Evidence for IIT, which we don’t have, does not prove idealism and the person you are defending is arguing for idealism.

The things you posit are falsifiable, the claims they have been putting forward are not. Hence my initial questions surrounding panpsychism to them before they started trying to use logical fallacies against a mainstream scientific position.

Right, I agree with you (my only quibble is that we do technically have evidence for IIT; it just isn’t definitive).

I misunderstood the guy in my first comment. At this point I know he isn’t defending IIT. All I’m saying is that IIT has legitimized a theory that once seemed crazy (panpsychism). It’s conceivable to me that something similar could happen with idealism, because not a single scientist or academic philosopher alive has any idea whats going on with consciousness. And when we dismiss ideas like idealism, we are implicitly assuming that we have some grasp of what’s going on, but we don’t.

Agreed, we can’t even rigorously define consciousness, so to claim it’s the only thing that exists is a stretch too far for me.

Panpsychism is interesting but gonna need a lot more evidence including an explanation of the Combination Problem before I’m convinced.

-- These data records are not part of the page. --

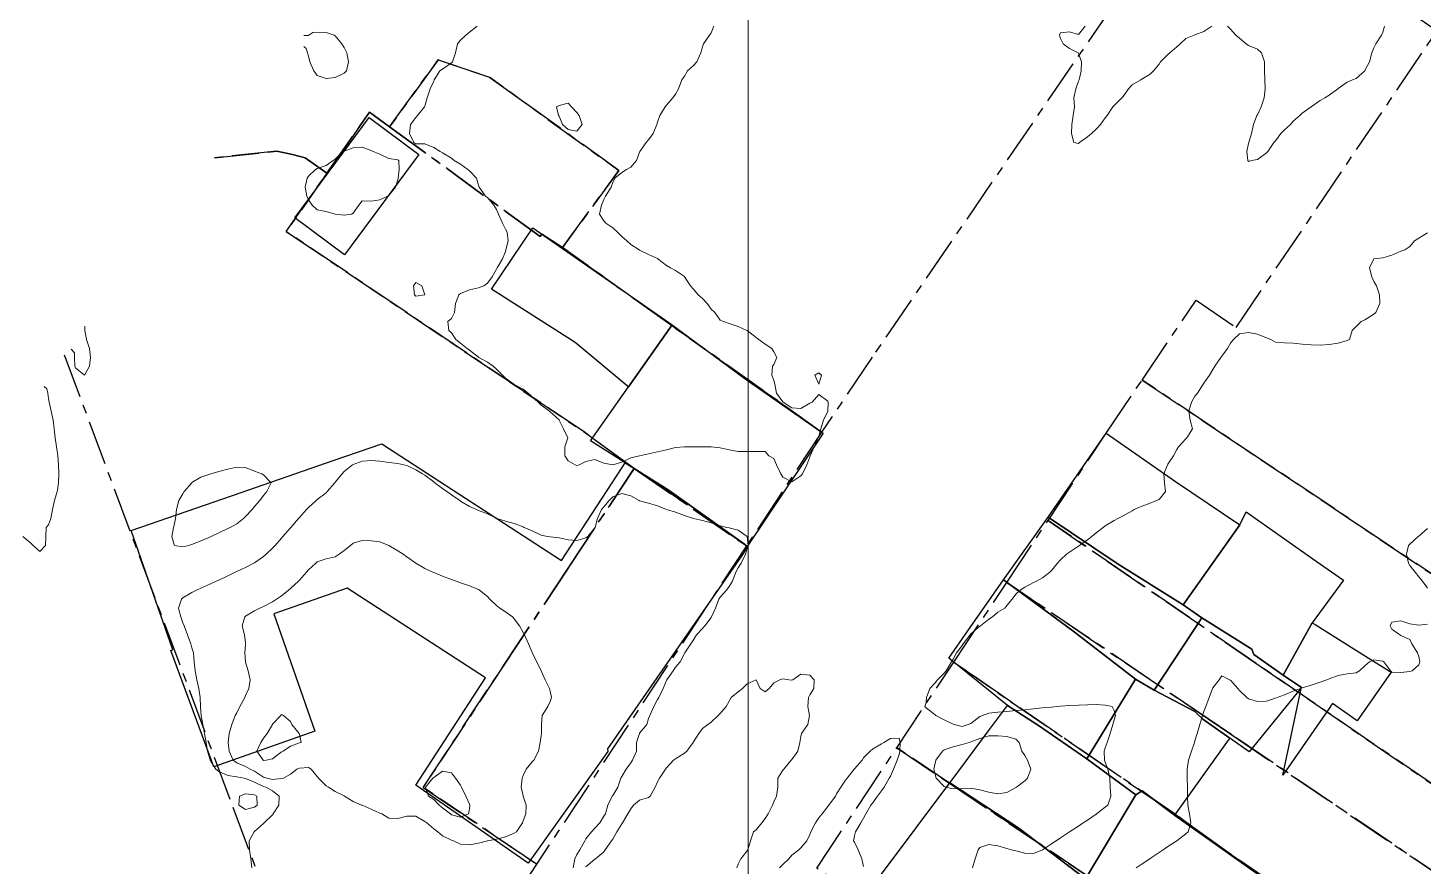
# Model space of a CAD drawing. Header units: centimetres. Extents: x 0 to 642158, y -847 to 649707.
# Drawn here: x 615926.6 to 616004.5, y 621533.8 to 621580.6 of the extents above; entities that cross this region are included whole.
import ezdxf

# ---------------------------------------------------------------- set-up
doc = ezdxf.new("R2010")
doc.units = ezdxf.units.CM
doc.header["$MEASUREMENT"] = 0
doc.linetypes.add('CENTERX2', pattern=[4, 2.5, -0.5, 0.5, -0.5])
doc.layers.add('MEV_grille', color=254, linetype='Continuous', lineweight=9)
doc.layers.add('WAL_topographie 0.5', color=253, linetype='Continuous', lineweight=20)
doc.layers.add('SPW_batiments', color=7, linetype='Continuous')
doc.layers.add('SPW_parcellaire cadastral', color=7, linetype='CENTERX2', lineweight=25, true_color=0xff0542)

# ---------------------------------------------------------------- blocks, each defined once
blk = doc.blocks.new('*U112')
at = {"layer": 'MEV_grille', "transparency": 33554687}
blk.add_lwpolyline([(0, 1825.476), (0, -1825.476)], dxfattribs=at)
blk = doc.blocks.new('*U113')
at = {"layer": 'MEV_grille', "color": 0, "linetype": 'ByBlock', "lineweight": -2, "transparency": 16777216}
blk.add_blockref('*U112', (600, 0), dxfattribs=at)

msp = doc.modelspace()

# ---------------------------------------------------------------- linework, layer by layer
at = {"layer": 'SPW_batiments'}
for points in [[(615944.268, 621567.983), (615941.488, 621570.05), (615945.65, 621575.646), (615948.429, 621573.578), (615944.268, 621567.983)], [(615962.563, 621564.067), (615960.126, 621560.608), (615960.053, 621560.667), (615957.144, 621563.081), (615952.482, 621566.05), (615954.788, 621569.488), (615962.563, 621564.067)], [(615966.64, 621561.054), (615970.829, 621558.123), (615970.989, 621558.012), (615966.756, 621551.696), (615966.596, 621551.811), (615962.4, 621554.819), (615959.946, 621556.363), (615957.998, 621557.589), (615960.126, 621560.608), (615962.563, 621564.067), (615966.64, 621561.054)], [(615990.666, 621555.311), (615994.258, 621552.9), (615991.091, 621548.437), (615987.463, 621550.699), (615983.553, 621553.33), (615986.801, 621558.021), (615990.666, 621555.311)], [(615956.395, 621550.897), (615959.775, 621556.1), (615959.946, 621556.363), (615962.4, 621554.819), (615966.596, 621551.811), (615966.756, 621551.696), (615966.585, 621551.363), (615958.954, 621540.394), (615958.968, 621540.233), (615954.517, 621534.011), (615948.253, 621538.363), (615952.141, 621544.347), (615944.411, 621549.367), (615940.324, 621547.935), (615942.61, 621541.37), (615936.967, 621539.382), (615934.58, 621545.876), (615934.681, 621545.918), (615932.366, 621552.579), (615938.024, 621554.543), (615943.7, 621556.506), (615946.351, 621557.42), (615956.395, 621550.897)], [(615987.463, 621550.699), (615991.091, 621548.437), (615992.136, 621547.704), (615989.481, 621543.67), (615988.429, 621544.28), (615984.946, 621546.972), (615981.06, 621549.821), (615983.553, 621553.33), (615987.463, 621550.699)], [(615998.532, 621550.875), (616000.048, 621549.812), (615998.293, 621547.431), (615996.676, 621544.497), (615995.048, 621545.653), (615994.939, 621545.946), (615992.136, 621547.704), (615991.091, 621548.437), (615994.258, 621552.9), (615994.621, 621553.621), (615998.532, 621550.875)], [(615984.946, 621546.972), (615988.429, 621544.28), (615985.714, 621539.836), (615983.012, 621541.686), (615981.286, 621542.806), (615978.006, 621545.448), (615979.073, 621546.983), (615981.06, 621549.821), (615984.946, 621546.972)], [(615994.939, 621545.946), (615995.048, 621545.653), (615996.676, 621544.497), (615997.71, 621543.82), (615994.789, 621540.221), (615993.699, 621540.991), (615992.195, 621542.052), (615991.749, 621542.469), (615989.481, 621543.67), (615992.136, 621547.704), (615994.939, 621545.946)], [(615999.331, 621542.759), (615996.657, 621538.918), (615997.675, 621543.657), (615997.71, 621543.82), (615996.676, 621544.497), (615996.772, 621544.671), (615996.811, 621544.741), (615996.972, 621545.034), (615998.293, 621547.431), (615998.463, 621547.325), (616001.288, 621545.568), (616002.718, 621544.678), (616000.819, 621541.951), (615999.438, 621542.912), (615999.334, 621542.762), (615999.331, 621542.759)], [(615989.481, 621543.67), (615991.749, 621542.469), (615992.195, 621542.052), (615993.699, 621540.991), (615993.616, 621540.877), (615990.607, 621536.683), (615988.817, 621538.051), (615988.45, 621537.821), (615985.714, 621539.836), (615988.429, 621544.28), (615989.481, 621543.67)], [(615983.012, 621541.686), (615985.714, 621539.836), (615988.45, 621537.821), (615985.654, 621533.135), (615981.931, 621535.95), (615978.071, 621538.497), (615978.191, 621538.657), (615980.173, 621541.314), (615981.286, 621542.806), (615983.012, 621541.686)], [(615981.931, 621535.95), (615985.654, 621533.135), (615982.944, 621529.076), (615983.067, 621528.783), (615981.77, 621526.545), (615977.238, 621529.615), (615973.321, 621532.154), (615974.306, 621533.47), (615978.071, 621538.497), (615981.931, 621535.95)], [(615990.607, 621536.683), (615993.027, 621534.967), (615996.792, 621532.303), (615993.657, 621527.948), (615992.192, 621528.795), (615985.654, 621533.135), (615988.45, 621537.821), (615988.817, 621538.051), (615990.607, 621536.683)]]:
    msp.add_lwpolyline(points, dxfattribs=at)
at = {"layer": 'SPW_parcellaire cadastral'}
for points in [[(615978.852, 621628.551), (615979.787, 621627.916), (615981.605, 621626.68), (615980.649, 621625.309), (615991.393, 621617.908), (616005.279, 621608.342), (615973.729, 621562.259), (615970.902, 621558.072)], [(616030.504, 621533.084), (616026.112, 621536.006), (615988.806, 621560.982), (615991.83, 621565.447), (615994.056, 621563.919), (616005.271, 621580.479), (616003.035, 621581.993), (616008.225, 621589.67), (616019.203, 621582.014), (616028.8, 621575.322), (616029.416, 621576.105), (616030.649, 621577.672), (616031.659, 621579.378), (616032.66, 621581.07), (616034.161, 621583.607), (616036.519, 621587.592), (616039.23, 621586.023), (616042.392, 621583.574), (616048.219, 621579.062), (616074.467, 621559.494), (616051.746, 621524.303), (616049.297, 621520.51), (616030.504, 621533.084)], [(615970.902, 621558.072), (615957.041, 621567.95), (615956.433, 621568.384), (615959.59, 621572.684), (615952.389, 621577.883), (615949.499, 621578.862), (615946.79, 621575.132), (615945.672, 621575.949), (615945.151, 621575.202), (615943.292, 621572.536), (615942.078, 621573.392), (615941.363, 621573.571), (615940.487, 621573.758), (615937.006, 621573.39)], [(615946.79, 621575.132), (615949.499, 621578.862), (615952.389, 621577.883), (615959.59, 621572.684), (615956.433, 621568.384), (615955.29, 621569.133), (615955.19, 621568.993), (615946.79, 621575.132)], [(615943.292, 621572.536), (615945.151, 621575.202), (615945.672, 621575.949), (615946.79, 621575.132), (615955.19, 621568.993), (615955.29, 621569.133), (615956.433, 621568.384), (615957.041, 621567.95), (615970.902, 621558.072), (615966.718, 621551.722), (615960.44, 621556.049), (615957.721, 621558.028), (615941.017, 621569.272), (615943.292, 621572.536)], [(615937.006, 621573.39), (615940.487, 621573.758), (615941.363, 621573.571), (615942.078, 621573.392), (615943.292, 621572.536)], [(615943.292, 621572.536), (615941.017, 621569.272), (615957.721, 621558.028), (615960.44, 621556.049), (615956.795, 621550.538), (615953.209, 621545.116), (615948.659, 621538.235), (615954.997, 621533.951), (615947.816, 621523.096), (615941.732, 621527.268), (615937.886, 621537.564), (615932.301, 621552.547), (615928.643, 621562.366)], [(616030.504, 621533.084), (616024.809, 621524.823), (616014.963, 621531.58), (615994.748, 621545.454), (615983.553, 621553.139), (615986.801, 621558.021), (615988.806, 621560.982), (616026.112, 621536.006), (616030.504, 621533.084)], [(615966.718, 621551.722), (615954.997, 621533.951), (615948.659, 621538.235), (615953.209, 621545.116), (615956.795, 621550.538), (615960.44, 621556.049), (615966.718, 621551.722)], [(616022.615, 621521.647), (615993.821, 621541.161), (615992.496, 621542.059), (615981.251, 621549.68), (615983.553, 621553.139), (615994.748, 621545.454), (616014.963, 621531.58), (616024.809, 621524.823), (616022.615, 621521.647)], [(616019.339, 621516.898), (615993.675, 621534.562), (615990.647, 621536.736), (615981.451, 621543.039), (615978.285, 621545.223), (615981.251, 621549.68), (615992.496, 621542.059), (615993.821, 621541.161), (616022.615, 621521.647), (616019.339, 621516.898)], [(616019.339, 621516.898), (616016.407, 621512.647), (615992.251, 621528.884), (615985.747, 621533.289), (615978.051, 621538.469), (615975.109, 621540.45), (615978.285, 621545.223), (615981.451, 621543.039), (615990.647, 621536.736), (615993.675, 621534.562), (616019.339, 621516.898)], [(616011.931, 621506.158), (615983.706, 621525), (615981.639, 621526.381), (615973.21, 621532.007), (615970.635, 621533.726), (615975.109, 621540.45), (615978.051, 621538.469), (615985.747, 621533.289), (615992.251, 621528.884), (616016.407, 621512.647), (616011.931, 621506.158)]]:
    msp.add_lwpolyline(points, dxfattribs=at)
at = {"layer": 'WAL_topographie 0.5'}
for points in [[(615942, 621580.221), (615942.25, 621580.221), (615942.279, 621580.25), (615942.5, 621580.389), (615942.75, 621580.413), (615943.25, 621580.392), (615943.697, 621580.25), (615943.75, 621580.215), (615944.125, 621579.75), (615944.25, 621579.545), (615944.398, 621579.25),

explanation of the Combination Problem

Yeah, honestly this might be a fatal issue. I know proponents of IIT say they have an explanation for this to do with causal powers of information or whatever, but I’m not sure if I’m convinced of IIT for other reasons.

There is a really interesting thesis that was written on the combination problem in relation to split-brain experiments. I’m still not sure if I’m totally convinced but it’s definitely an interesting read if you’re into this stuff!